*** Stored data ***

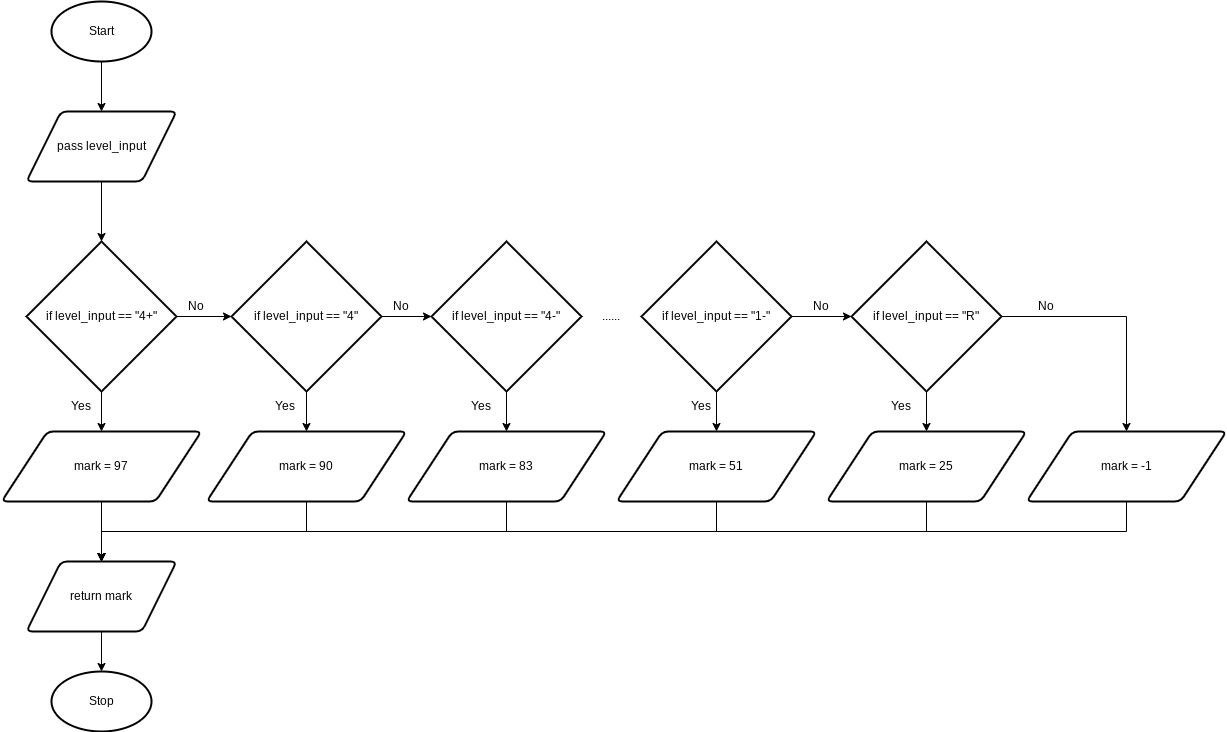

The diagram above was exported from draw.io. Its source (the exported page's mxGraphModel, read from the mxfile embedded in the PNG):
<mxGraphModel dx="594" dy="1730" grid="1" gridSize="10" guides="1" tooltips="1" connect="1" arrows="1" fold="1" page="1" pageScale="1" pageWidth="827" pageHeight="1169" math="0" shadow="0">
  <root>
    <mxCell id="0" />
    <mxCell id="1" parent="0" />
    <mxCell id="120" style="edgeStyle=none;html=1;exitX=0.5;exitY=1;exitDx=0;exitDy=0;exitPerimeter=0;entryX=0.5;entryY=0;entryDx=0;entryDy=0;" edge="1" parent="1" source="2" target="119">
      <mxGeometry relative="1" as="geometry" />
    </mxCell>
    <mxCell id="2" value="Start" style="strokeWidth=2;html=1;shape=mxgraph.flowchart.start_1;whiteSpace=wrap;" parent="1" vertex="1">
      <mxGeometry x="180" y="-50" width="100" height="60" as="geometry" />
    </mxCell>
    <mxCell id="8" value="Stop" style="strokeWidth=2;html=1;shape=mxgraph.flowchart.start_1;whiteSpace=wrap;" parent="1" vertex="1">
      <mxGeometry x="180" y="620" width="100" height="60" as="geometry" />
    </mxCell>
    <mxCell id="123" style="edgeStyle=none;html=1;exitX=0.5;exitY=1;exitDx=0;exitDy=0;entryX=0.5;entryY=0;entryDx=0;entryDy=0;" edge="1" parent="1" source="66" target="122">
      <mxGeometry relative="1" as="geometry" />
    </mxCell>
    <mxCell id="66" value="mark = 97" style="shape=parallelogram;html=1;strokeWidth=2;perimeter=parallelogramPerimeter;whiteSpace=wrap;rounded=1;arcSize=12;size=0.23;" parent="1" vertex="1">
      <mxGeometry x="130" y="380" width="200" height="70" as="geometry" />
    </mxCell>
    <mxCell id="71" style="edgeStyle=none;html=1;exitX=0.5;exitY=1;exitDx=0;exitDy=0;exitPerimeter=0;" parent="1" source="70" target="66" edge="1">
      <mxGeometry relative="1" as="geometry" />
    </mxCell>
    <mxCell id="78" style="edgeStyle=none;html=1;exitX=1;exitY=0.5;exitDx=0;exitDy=0;exitPerimeter=0;entryX=0;entryY=0.5;entryDx=0;entryDy=0;entryPerimeter=0;" parent="1" source="70" target="74" edge="1">
      <mxGeometry relative="1" as="geometry" />
    </mxCell>
    <mxCell id="70" value="if level_input == &quot;4+&quot;" style="strokeWidth=2;html=1;shape=mxgraph.flowchart.decision;whiteSpace=wrap;" parent="1" vertex="1">
      <mxGeometry x="155" y="190" width="150" height="150" as="geometry" />
    </mxCell>
    <mxCell id="73" value="Yes" style="text;html=1;strokeColor=none;fillColor=none;align=center;verticalAlign=middle;whiteSpace=wrap;rounded=0;" parent="1" vertex="1">
      <mxGeometry x="190" y="340" width="40" height="30" as="geometry" />
    </mxCell>
    <mxCell id="76" style="edgeStyle=none;html=1;exitX=0.5;exitY=1;exitDx=0;exitDy=0;exitPerimeter=0;entryX=0.5;entryY=0;entryDx=0;entryDy=0;" parent="1" source="74" target="75" edge="1">
      <mxGeometry relative="1" as="geometry" />
    </mxCell>
    <mxCell id="81" style="edgeStyle=none;html=1;exitX=1;exitY=0.5;exitDx=0;exitDy=0;exitPerimeter=0;entryX=0;entryY=0.5;entryDx=0;entryDy=0;entryPerimeter=0;" parent="1" source="74" target="80" edge="1">
      <mxGeometry relative="1" as="geometry" />
    </mxCell>
    <mxCell id="74" value="if level_input == &quot;4&quot;" style="strokeWidth=2;html=1;shape=mxgraph.flowchart.decision;whiteSpace=wrap;" parent="1" vertex="1">
      <mxGeometry x="360" y="190" width="150" height="150" as="geometry" />
    </mxCell>
    <mxCell id="124" style="edgeStyle=orthogonalEdgeStyle;html=1;exitX=0.5;exitY=1;exitDx=0;exitDy=0;entryX=0.5;entryY=0;entryDx=0;entryDy=0;rounded=0;" edge="1" parent="1" source="75" target="122">
      <mxGeometry relative="1" as="geometry" />
    </mxCell>
    <mxCell id="75" value="mark = 90" style="shape=parallelogram;html=1;strokeWidth=2;perimeter=parallelogramPerimeter;whiteSpace=wrap;rounded=1;arcSize=12;size=0.23;" parent="1" vertex="1">
      <mxGeometry x="335" y="380" width="200" height="70" as="geometry" />
    </mxCell>
    <mxCell id="77" value="Yes" style="text;html=1;strokeColor=none;fillColor=none;align=center;verticalAlign=middle;whiteSpace=wrap;rounded=0;" parent="1" vertex="1">
      <mxGeometry x="394" y="340" width="40" height="30" as="geometry" />
    </mxCell>
    <mxCell id="79" value="No" style="text;html=1;strokeColor=none;fillColor=none;align=center;verticalAlign=middle;whiteSpace=wrap;rounded=0;" parent="1" vertex="1">
      <mxGeometry x="305" y="240" width="40" height="30" as="geometry" />
    </mxCell>
    <mxCell id="84" style="edgeStyle=none;html=1;exitX=0.5;exitY=1;exitDx=0;exitDy=0;exitPerimeter=0;entryX=0.5;entryY=0;entryDx=0;entryDy=0;" parent="1" source="80" target="83" edge="1">
      <mxGeometry relative="1" as="geometry" />
    </mxCell>
    <mxCell id="80" value="if level_input == &quot;4-&quot;" style="strokeWidth=2;html=1;shape=mxgraph.flowchart.decision;whiteSpace=wrap;" parent="1" vertex="1">
      <mxGeometry x="560" y="190" width="150" height="150" as="geometry" />
    </mxCell>
    <mxCell id="82" value="No" style="text;html=1;strokeColor=none;fillColor=none;align=center;verticalAlign=middle;whiteSpace=wrap;rounded=0;" parent="1" vertex="1">
      <mxGeometry x="510" y="240" width="40" height="30" as="geometry" />
    </mxCell>
    <mxCell id="125" style="edgeStyle=orthogonalEdgeStyle;rounded=0;html=1;exitX=0.5;exitY=1;exitDx=0;exitDy=0;entryX=0.5;entryY=0;entryDx=0;entryDy=0;" edge="1" parent="1" source="83" target="122">
      <mxGeometry relative="1" as="geometry" />
    </mxCell>
    <mxCell id="83" value="mark = 83" style="shape=parallelogram;html=1;strokeWidth=2;perimeter=parallelogramPerimeter;whiteSpace=wrap;rounded=1;arcSize=12;size=0.23;" parent="1" vertex="1">
      <mxGeometry x="535" y="380" width="200" height="70" as="geometry" />
    </mxCell>
    <mxCell id="85" value="Yes" style="text;html=1;strokeColor=none;fillColor=none;align=center;verticalAlign=middle;whiteSpace=wrap;rounded=0;" parent="1" vertex="1">
      <mxGeometry x="590" y="340" width="40" height="30" as="geometry" />
    </mxCell>
    <mxCell id="86" value="......" style="text;html=1;strokeColor=none;fillColor=none;align=center;verticalAlign=middle;whiteSpace=wrap;rounded=0;" parent="1" vertex="1">
      <mxGeometry x="710" y="250" width="60" height="30" as="geometry" />
    </mxCell>
    <mxCell id="89" style="edgeStyle=none;html=1;exitX=0.5;exitY=1;exitDx=0;exitDy=0;exitPerimeter=0;entryX=0.5;entryY=0;entryDx=0;entryDy=0;" parent="1" source="87" target="88" edge="1">
      <mxGeometry relative="1" as="geometry" />
    </mxCell>
    <mxCell id="103" style="edgeStyle=none;html=1;exitX=1;exitY=0.5;exitDx=0;exitDy=0;exitPerimeter=0;entryX=0;entryY=0.5;entryDx=0;entryDy=0;entryPerimeter=0;" parent="1" source="87" target="101" edge="1">
      <mxGeometry relative="1" as="geometry" />
    </mxCell>
    <mxCell id="87" value="if level_input == &quot;1-&quot;" style="strokeWidth=2;html=1;shape=mxgraph.flowchart.decision;whiteSpace=wrap;" parent="1" vertex="1">
      <mxGeometry x="770" y="190" width="150" height="150" as="geometry" />
    </mxCell>
    <mxCell id="127" style="edgeStyle=orthogonalEdgeStyle;rounded=0;html=1;exitX=0.5;exitY=1;exitDx=0;exitDy=0;entryX=0.5;entryY=0;entryDx=0;entryDy=0;" edge="1" parent="1" source="88" target="122">
      <mxGeometry relative="1" as="geometry" />
    </mxCell>
    <mxCell id="88" value="mark = 51" style="shape=parallelogram;html=1;strokeWidth=2;perimeter=parallelogramPerimeter;whiteSpace=wrap;rounded=1;arcSize=12;size=0.23;" parent="1" vertex="1">
      <mxGeometry x="745" y="380" width="200" height="70" as="geometry" />
    </mxCell>
    <mxCell id="107" style="edgeStyle=none;html=1;exitX=0.5;exitY=1;exitDx=0;exitDy=0;exitPerimeter=0;entryX=0.5;entryY=0;entryDx=0;entryDy=0;" parent="1" source="101" target="102" edge="1">
      <mxGeometry relative="1" as="geometry" />
    </mxCell>
    <mxCell id="109" style="edgeStyle=orthogonalEdgeStyle;html=1;exitX=1;exitY=0.5;exitDx=0;exitDy=0;exitPerimeter=0;entryX=0.5;entryY=0;entryDx=0;entryDy=0;rounded=0;" parent="1" source="101" target="108" edge="1">
      <mxGeometry relative="1" as="geometry" />
    </mxCell>
    <mxCell id="101" value="if level_input == &quot;R&quot;" style="strokeWidth=2;html=1;shape=mxgraph.flowchart.decision;whiteSpace=wrap;" parent="1" vertex="1">
      <mxGeometry x="980" y="190" width="150" height="150" as="geometry" />
    </mxCell>
    <mxCell id="128" style="edgeStyle=orthogonalEdgeStyle;rounded=0;html=1;exitX=0.5;exitY=1;exitDx=0;exitDy=0;" edge="1" parent="1" source="102">
      <mxGeometry relative="1" as="geometry">
        <mxPoint x="230" y="510" as="targetPoint" />
      </mxGeometry>
    </mxCell>
    <mxCell id="102" value="mark = 25" style="shape=parallelogram;html=1;strokeWidth=2;perimeter=parallelogramPerimeter;whiteSpace=wrap;rounded=1;arcSize=12;size=0.23;" parent="1" vertex="1">
      <mxGeometry x="955" y="380" width="200" height="70" as="geometry" />
    </mxCell>
    <mxCell id="104" value="Yes" style="text;html=1;strokeColor=none;fillColor=none;align=center;verticalAlign=middle;whiteSpace=wrap;rounded=0;" parent="1" vertex="1">
      <mxGeometry x="810" y="340" width="40" height="30" as="geometry" />
    </mxCell>
    <mxCell id="105" value="No" style="text;html=1;strokeColor=none;fillColor=none;align=center;verticalAlign=middle;whiteSpace=wrap;rounded=0;" parent="1" vertex="1">
      <mxGeometry x="930" y="240" width="40" height="30" as="geometry" />
    </mxCell>
    <mxCell id="106" value="Yes" style="text;html=1;strokeColor=none;fillColor=none;align=center;verticalAlign=middle;whiteSpace=wrap;rounded=0;" parent="1" vertex="1">
      <mxGeometry x="1010" y="340" width="40" height="30" as="geometry" />
    </mxCell>
    <mxCell id="129" style="edgeStyle=orthogonalEdgeStyle;rounded=0;html=1;exitX=0.5;exitY=1;exitDx=0;exitDy=0;" edge="1" parent="1" source="108">
      <mxGeometry relative="1" as="geometry">
        <mxPoint x="230" y="510" as="targetPoint" />
      </mxGeometry>
    </mxCell>
    <mxCell id="108" value="mark = -1" style="shape=parallelogram;html=1;strokeWidth=2;perimeter=parallelogramPerimeter;whiteSpace=wrap;rounded=1;arcSize=12;size=0.23;" parent="1" vertex="1">
      <mxGeometry x="1155" y="380" width="200" height="70" as="geometry" />
    </mxCell>
    <mxCell id="110" value="No" style="text;html=1;strokeColor=none;fillColor=none;align=center;verticalAlign=middle;whiteSpace=wrap;rounded=0;" parent="1" vertex="1">
      <mxGeometry x="1155" y="240" width="40" height="30" as="geometry" />
    </mxCell>
    <mxCell id="121" style="edgeStyle=none;html=1;exitX=0.5;exitY=1;exitDx=0;exitDy=0;entryX=0.5;entryY=0;entryDx=0;entryDy=0;entryPerimeter=0;" edge="1" parent="1" source="119" target="70">
      <mxGeometry relative="1" as="geometry" />
    </mxCell>
    <mxCell id="119" value="&lt;span&gt;pass level_input&lt;/span&gt;" style="shape=parallelogram;html=1;strokeWidth=2;perimeter=parallelogramPerimeter;whiteSpace=wrap;rounded=1;arcSize=12;size=0.23;" vertex="1" parent="1">
      <mxGeometry x="155" y="60" width="150" height="70" as="geometry" />
    </mxCell>
    <mxCell id="130" style="edgeStyle=orthogonalEdgeStyle;rounded=0;html=1;exitX=0.5;exitY=1;exitDx=0;exitDy=0;entryX=0.5;entryY=0;entryDx=0;entryDy=0;entryPerimeter=0;" edge="1" parent="1" source="122" target="8">
      <mxGeometry relative="1" as="geometry" />
    </mxCell>
    <mxCell id="122" value="&lt;span&gt;return mark&lt;/span&gt;" style="shape=parallelogram;html=1;strokeWidth=2;perimeter=parallelogramPerimeter;whiteSpace=wrap;rounded=1;arcSize=12;size=0.23;" vertex="1" parent="1">
      <mxGeometry x="155" y="510" width="150" height="70" as="geometry" />
    </mxCell>
  </root>
</mxGraphModel>

***

Task goal ▸ Reproduce every line of the listing above in which the string "page" appears.

Exercise output ▸
The diagram above was exported from draw.io. Its source (the exported page's mxGraphModel, read from the mxfile embedded in the PNG):
<mxGraphModel dx="594" dy="1730" grid="1" gridSize="10" guides="1" tooltips="1" connect="1" arrows="1" fold="1" page="1" pageScale="1" pageWidth="827" pageHeight="1169" math="0" shadow="0">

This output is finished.